Exercise requirements
Start at the line with "(junction (at 245.11" in the records below, stop at the line with "(bus (pts (xy", and return every line in that span exactly, the two end lines included.

_____

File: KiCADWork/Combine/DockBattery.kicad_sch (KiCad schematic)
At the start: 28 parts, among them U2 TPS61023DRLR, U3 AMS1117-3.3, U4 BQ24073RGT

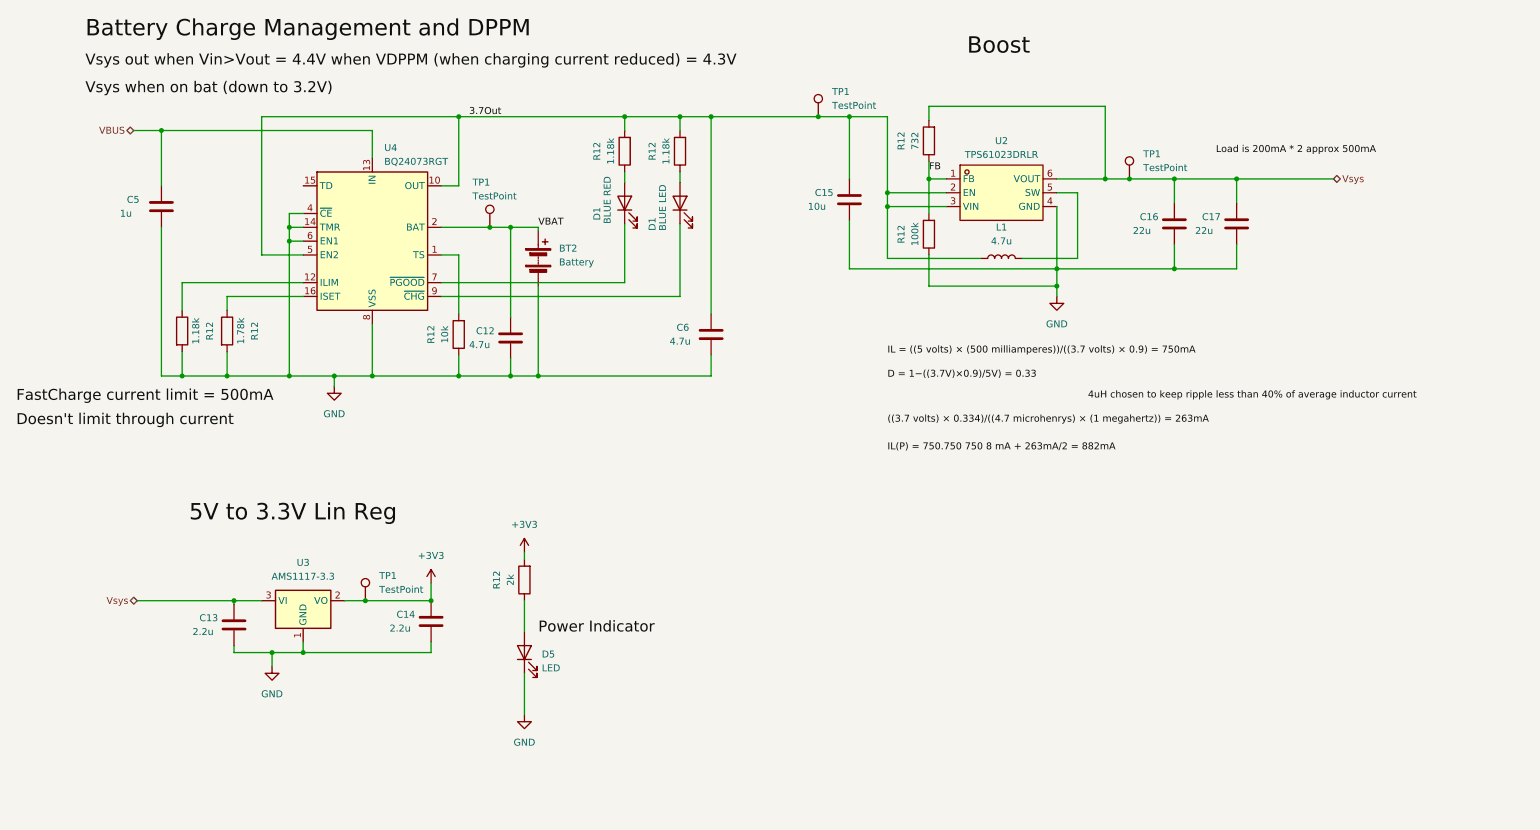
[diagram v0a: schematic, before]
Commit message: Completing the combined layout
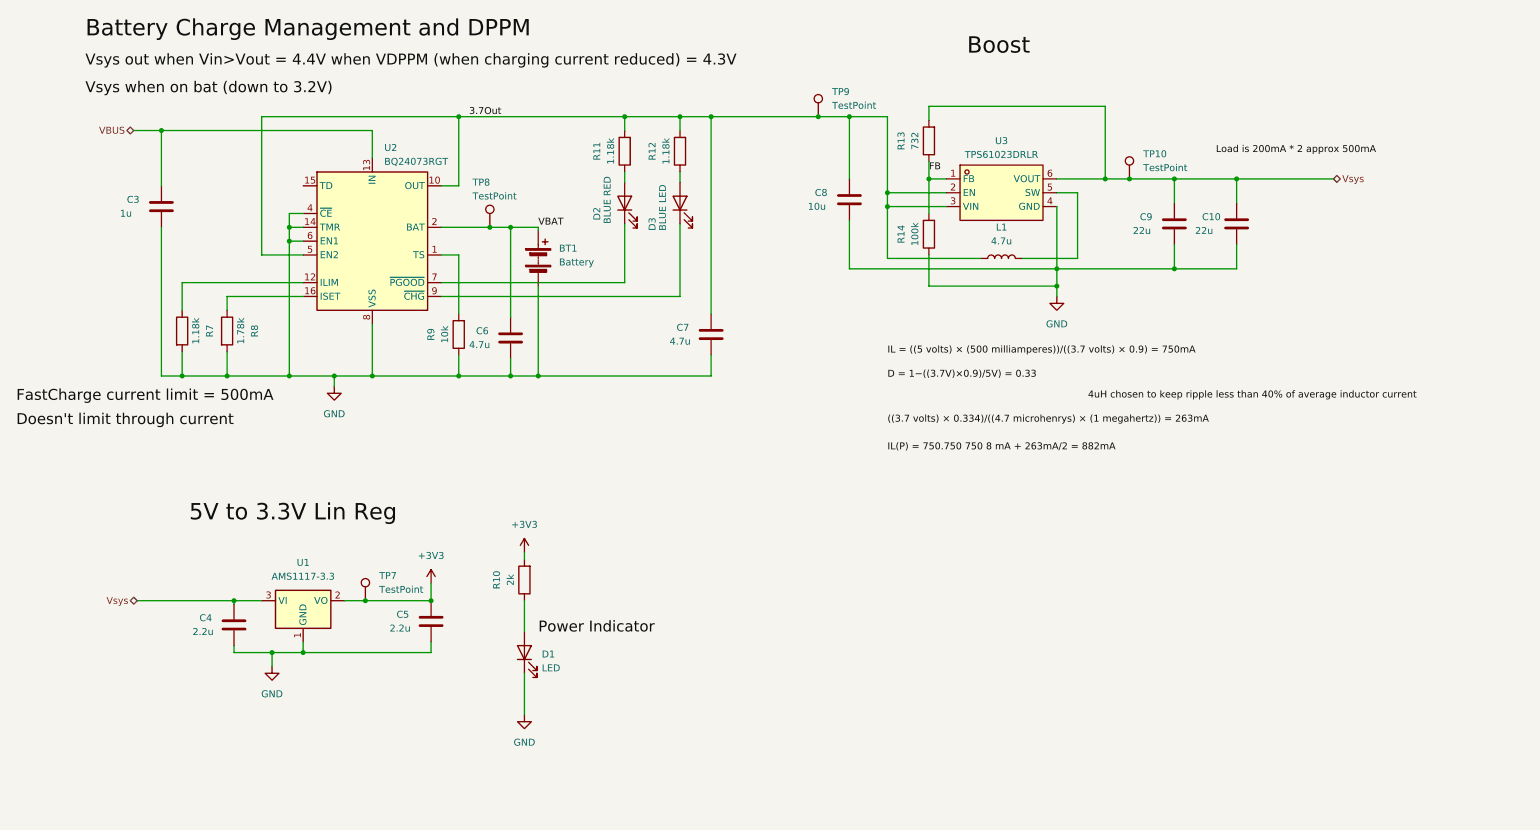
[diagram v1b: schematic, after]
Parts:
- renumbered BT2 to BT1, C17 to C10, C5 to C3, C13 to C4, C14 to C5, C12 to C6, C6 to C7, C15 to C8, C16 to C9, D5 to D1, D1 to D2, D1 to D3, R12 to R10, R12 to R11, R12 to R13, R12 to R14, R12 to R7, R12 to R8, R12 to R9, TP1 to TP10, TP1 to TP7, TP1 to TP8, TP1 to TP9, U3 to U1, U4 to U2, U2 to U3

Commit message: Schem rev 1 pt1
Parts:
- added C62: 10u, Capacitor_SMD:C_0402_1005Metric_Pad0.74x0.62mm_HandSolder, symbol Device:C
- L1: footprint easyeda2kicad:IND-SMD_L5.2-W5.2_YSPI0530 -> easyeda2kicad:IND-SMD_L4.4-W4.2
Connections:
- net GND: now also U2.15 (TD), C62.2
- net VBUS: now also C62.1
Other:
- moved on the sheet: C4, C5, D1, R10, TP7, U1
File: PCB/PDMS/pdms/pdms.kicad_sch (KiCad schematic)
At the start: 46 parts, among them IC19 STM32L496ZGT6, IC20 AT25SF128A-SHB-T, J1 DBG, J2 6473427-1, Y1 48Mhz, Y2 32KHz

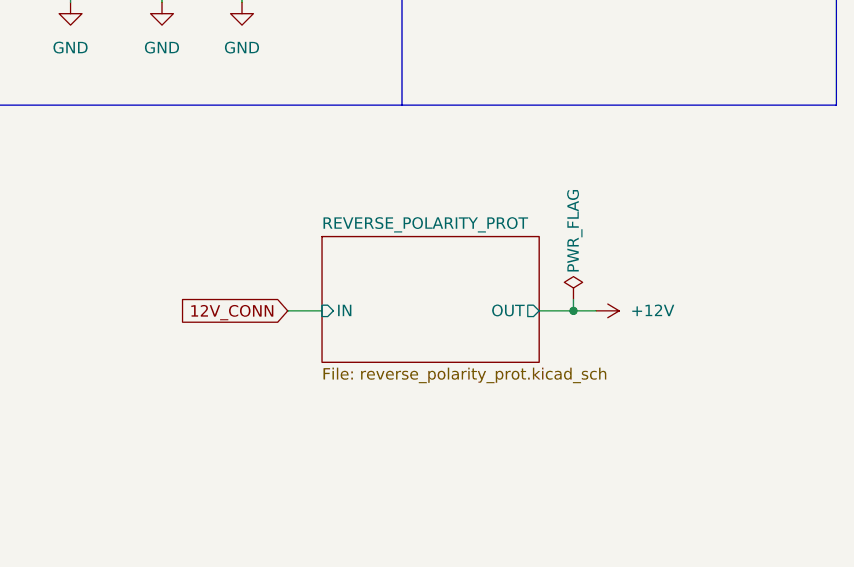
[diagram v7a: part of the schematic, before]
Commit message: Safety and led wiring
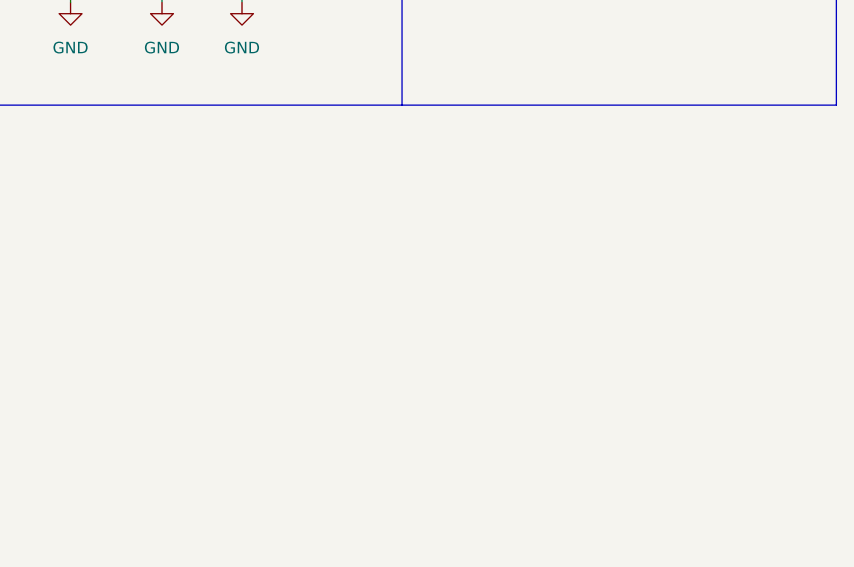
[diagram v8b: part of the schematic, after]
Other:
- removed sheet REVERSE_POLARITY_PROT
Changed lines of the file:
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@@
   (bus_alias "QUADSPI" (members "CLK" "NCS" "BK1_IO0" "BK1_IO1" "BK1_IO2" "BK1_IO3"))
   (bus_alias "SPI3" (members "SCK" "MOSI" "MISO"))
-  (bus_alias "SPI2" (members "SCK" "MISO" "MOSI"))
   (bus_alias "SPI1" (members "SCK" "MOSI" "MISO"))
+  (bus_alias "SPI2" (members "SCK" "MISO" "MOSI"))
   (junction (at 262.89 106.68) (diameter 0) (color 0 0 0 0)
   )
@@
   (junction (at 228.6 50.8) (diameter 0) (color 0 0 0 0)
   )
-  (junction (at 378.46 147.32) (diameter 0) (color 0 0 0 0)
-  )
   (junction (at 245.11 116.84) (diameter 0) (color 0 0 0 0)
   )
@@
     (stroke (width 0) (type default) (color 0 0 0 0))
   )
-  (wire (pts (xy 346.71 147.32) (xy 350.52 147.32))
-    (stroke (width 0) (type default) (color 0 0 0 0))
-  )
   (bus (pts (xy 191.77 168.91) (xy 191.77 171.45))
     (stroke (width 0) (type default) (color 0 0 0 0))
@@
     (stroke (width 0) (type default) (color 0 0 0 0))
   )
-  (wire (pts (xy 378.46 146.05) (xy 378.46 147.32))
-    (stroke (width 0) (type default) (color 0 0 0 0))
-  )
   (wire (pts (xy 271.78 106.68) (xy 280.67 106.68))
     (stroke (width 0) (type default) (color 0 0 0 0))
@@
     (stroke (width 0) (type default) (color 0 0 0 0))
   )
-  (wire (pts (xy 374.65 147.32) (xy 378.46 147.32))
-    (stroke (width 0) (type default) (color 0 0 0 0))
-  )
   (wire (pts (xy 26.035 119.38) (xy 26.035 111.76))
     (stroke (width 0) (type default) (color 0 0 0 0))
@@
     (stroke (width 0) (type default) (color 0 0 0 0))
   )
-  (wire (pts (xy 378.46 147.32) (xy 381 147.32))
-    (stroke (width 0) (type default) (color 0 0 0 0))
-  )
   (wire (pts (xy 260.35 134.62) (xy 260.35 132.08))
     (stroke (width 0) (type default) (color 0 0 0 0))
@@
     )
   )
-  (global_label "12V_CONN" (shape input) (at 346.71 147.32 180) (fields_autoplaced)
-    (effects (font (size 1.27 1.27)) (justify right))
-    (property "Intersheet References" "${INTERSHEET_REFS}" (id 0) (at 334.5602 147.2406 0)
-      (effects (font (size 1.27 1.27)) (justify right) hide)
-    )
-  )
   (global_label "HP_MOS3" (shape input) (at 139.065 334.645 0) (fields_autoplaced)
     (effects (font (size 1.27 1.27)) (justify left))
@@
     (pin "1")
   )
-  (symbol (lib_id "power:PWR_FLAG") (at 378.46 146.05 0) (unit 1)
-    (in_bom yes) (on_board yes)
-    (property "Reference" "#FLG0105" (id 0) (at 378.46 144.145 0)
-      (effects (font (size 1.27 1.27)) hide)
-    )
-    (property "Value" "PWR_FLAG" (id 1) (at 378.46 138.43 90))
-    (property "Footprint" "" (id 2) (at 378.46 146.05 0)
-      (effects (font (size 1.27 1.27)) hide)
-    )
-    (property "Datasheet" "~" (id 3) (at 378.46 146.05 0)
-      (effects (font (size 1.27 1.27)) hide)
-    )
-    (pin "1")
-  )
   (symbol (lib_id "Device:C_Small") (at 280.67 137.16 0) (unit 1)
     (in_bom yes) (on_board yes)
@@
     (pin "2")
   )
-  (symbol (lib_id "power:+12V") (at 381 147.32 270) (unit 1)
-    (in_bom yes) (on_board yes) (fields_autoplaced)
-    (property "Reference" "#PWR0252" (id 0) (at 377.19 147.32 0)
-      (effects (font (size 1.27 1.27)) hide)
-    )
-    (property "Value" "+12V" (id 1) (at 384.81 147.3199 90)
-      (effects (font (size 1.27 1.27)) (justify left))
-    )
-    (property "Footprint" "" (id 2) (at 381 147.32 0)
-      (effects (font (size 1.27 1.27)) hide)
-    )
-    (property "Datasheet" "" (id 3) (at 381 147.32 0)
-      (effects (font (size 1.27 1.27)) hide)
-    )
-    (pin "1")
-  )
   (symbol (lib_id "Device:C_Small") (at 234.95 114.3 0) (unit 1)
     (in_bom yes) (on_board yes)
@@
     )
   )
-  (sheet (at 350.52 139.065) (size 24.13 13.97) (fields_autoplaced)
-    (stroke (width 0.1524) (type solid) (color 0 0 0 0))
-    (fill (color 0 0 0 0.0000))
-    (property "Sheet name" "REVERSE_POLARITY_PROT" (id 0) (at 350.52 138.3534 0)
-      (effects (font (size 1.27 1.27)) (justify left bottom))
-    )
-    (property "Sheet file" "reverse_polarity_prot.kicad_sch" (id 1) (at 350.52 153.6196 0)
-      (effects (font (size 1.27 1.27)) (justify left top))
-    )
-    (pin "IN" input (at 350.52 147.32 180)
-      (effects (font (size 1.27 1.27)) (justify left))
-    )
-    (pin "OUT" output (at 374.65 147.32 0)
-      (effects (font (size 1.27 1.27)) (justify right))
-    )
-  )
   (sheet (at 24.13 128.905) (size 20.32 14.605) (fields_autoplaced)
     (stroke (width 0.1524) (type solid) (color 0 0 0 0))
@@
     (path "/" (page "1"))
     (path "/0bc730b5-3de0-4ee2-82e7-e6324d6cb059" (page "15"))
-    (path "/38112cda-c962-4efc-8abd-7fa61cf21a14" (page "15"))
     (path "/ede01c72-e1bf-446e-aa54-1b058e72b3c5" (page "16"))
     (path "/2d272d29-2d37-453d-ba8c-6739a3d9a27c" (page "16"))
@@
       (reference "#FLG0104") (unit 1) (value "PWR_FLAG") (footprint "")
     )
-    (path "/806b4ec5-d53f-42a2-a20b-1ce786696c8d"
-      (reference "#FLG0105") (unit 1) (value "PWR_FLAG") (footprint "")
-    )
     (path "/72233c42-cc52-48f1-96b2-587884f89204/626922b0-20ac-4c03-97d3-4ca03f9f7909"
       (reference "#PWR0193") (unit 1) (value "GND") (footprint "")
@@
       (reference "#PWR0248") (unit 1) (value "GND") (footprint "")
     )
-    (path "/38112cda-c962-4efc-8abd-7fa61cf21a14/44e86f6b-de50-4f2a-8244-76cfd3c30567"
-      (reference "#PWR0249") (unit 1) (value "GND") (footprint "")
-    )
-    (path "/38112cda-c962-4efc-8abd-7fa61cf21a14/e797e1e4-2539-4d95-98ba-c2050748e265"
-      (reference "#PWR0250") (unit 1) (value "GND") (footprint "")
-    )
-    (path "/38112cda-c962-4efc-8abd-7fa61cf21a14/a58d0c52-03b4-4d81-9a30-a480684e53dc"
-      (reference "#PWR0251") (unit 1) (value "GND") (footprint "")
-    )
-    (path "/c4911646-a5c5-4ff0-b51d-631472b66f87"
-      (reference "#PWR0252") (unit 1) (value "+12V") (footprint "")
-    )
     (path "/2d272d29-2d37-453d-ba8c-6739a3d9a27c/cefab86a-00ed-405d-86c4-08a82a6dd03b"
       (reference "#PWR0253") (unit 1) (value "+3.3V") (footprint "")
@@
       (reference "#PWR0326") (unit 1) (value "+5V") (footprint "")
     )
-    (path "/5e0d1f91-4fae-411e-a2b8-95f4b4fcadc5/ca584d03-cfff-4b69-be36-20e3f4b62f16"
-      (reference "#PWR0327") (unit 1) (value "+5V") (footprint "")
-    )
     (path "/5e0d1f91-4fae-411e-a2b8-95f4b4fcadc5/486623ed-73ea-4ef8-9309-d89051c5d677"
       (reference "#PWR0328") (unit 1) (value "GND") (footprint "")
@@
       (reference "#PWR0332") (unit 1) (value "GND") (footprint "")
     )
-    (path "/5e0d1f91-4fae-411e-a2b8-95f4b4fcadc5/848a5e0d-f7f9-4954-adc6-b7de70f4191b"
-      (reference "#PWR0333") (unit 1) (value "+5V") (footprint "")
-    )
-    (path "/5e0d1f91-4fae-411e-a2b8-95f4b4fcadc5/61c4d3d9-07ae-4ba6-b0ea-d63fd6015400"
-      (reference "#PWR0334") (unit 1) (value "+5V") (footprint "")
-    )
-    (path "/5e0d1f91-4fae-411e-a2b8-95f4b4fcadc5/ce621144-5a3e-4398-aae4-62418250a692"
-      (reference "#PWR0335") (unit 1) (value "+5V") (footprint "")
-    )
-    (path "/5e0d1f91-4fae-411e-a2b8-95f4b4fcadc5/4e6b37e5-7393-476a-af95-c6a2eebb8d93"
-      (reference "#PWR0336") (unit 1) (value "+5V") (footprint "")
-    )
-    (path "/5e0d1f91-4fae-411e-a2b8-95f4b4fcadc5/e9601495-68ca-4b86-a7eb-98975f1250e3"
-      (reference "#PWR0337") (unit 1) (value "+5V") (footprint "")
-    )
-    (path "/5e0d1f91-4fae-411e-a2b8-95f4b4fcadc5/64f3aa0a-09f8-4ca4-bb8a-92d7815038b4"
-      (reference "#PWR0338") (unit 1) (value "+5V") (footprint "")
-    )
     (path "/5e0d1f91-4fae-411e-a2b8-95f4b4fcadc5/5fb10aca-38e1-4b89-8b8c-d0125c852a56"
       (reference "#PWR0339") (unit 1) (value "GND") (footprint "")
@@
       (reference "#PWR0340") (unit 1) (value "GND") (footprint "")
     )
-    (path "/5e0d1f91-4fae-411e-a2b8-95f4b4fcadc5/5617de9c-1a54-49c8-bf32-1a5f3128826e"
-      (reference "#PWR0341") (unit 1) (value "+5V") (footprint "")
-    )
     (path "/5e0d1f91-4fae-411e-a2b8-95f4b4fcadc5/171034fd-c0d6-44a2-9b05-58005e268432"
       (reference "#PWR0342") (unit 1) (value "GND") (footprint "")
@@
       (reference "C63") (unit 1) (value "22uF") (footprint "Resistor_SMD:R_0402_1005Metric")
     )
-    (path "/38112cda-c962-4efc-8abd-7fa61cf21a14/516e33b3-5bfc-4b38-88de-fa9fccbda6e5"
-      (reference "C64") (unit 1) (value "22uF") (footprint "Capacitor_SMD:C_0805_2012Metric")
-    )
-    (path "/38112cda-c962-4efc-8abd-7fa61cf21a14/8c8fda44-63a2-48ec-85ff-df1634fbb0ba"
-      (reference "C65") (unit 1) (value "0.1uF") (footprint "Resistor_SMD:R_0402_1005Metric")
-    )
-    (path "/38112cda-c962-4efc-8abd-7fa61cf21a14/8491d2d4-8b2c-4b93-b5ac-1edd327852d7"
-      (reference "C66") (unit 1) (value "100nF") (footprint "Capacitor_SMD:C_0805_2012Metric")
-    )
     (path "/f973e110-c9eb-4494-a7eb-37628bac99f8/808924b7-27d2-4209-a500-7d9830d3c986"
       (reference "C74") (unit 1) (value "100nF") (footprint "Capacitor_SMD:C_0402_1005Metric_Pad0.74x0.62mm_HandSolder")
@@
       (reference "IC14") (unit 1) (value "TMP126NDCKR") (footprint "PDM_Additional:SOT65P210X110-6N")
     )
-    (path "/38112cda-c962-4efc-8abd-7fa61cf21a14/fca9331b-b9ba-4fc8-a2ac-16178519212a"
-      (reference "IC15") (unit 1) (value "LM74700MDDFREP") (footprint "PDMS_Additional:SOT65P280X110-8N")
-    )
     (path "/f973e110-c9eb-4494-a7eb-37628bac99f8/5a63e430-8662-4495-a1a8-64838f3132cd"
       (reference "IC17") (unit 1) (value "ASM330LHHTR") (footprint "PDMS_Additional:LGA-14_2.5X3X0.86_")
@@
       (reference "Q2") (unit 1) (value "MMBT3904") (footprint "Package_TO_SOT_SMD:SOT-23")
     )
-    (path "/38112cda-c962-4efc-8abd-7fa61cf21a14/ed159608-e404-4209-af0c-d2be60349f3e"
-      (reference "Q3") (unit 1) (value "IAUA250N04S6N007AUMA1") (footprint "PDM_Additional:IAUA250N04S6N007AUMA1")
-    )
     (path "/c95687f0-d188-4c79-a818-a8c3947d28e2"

_____

Answer to the problem
   (junction (at 245.11 116.84) (diameter 0) (color 0 0 0 0)
   )
@@
     (stroke (width 0) (type default) (color 0 0 0 0))
   )
-  (wire (pts (xy 346.71 147.32) (xy 350.52 147.32))
-    (stroke (width 0) (type default) (color 0 0 0 0))
-  )
   (bus (pts (xy 191.77 168.91) (xy 191.77 171.45))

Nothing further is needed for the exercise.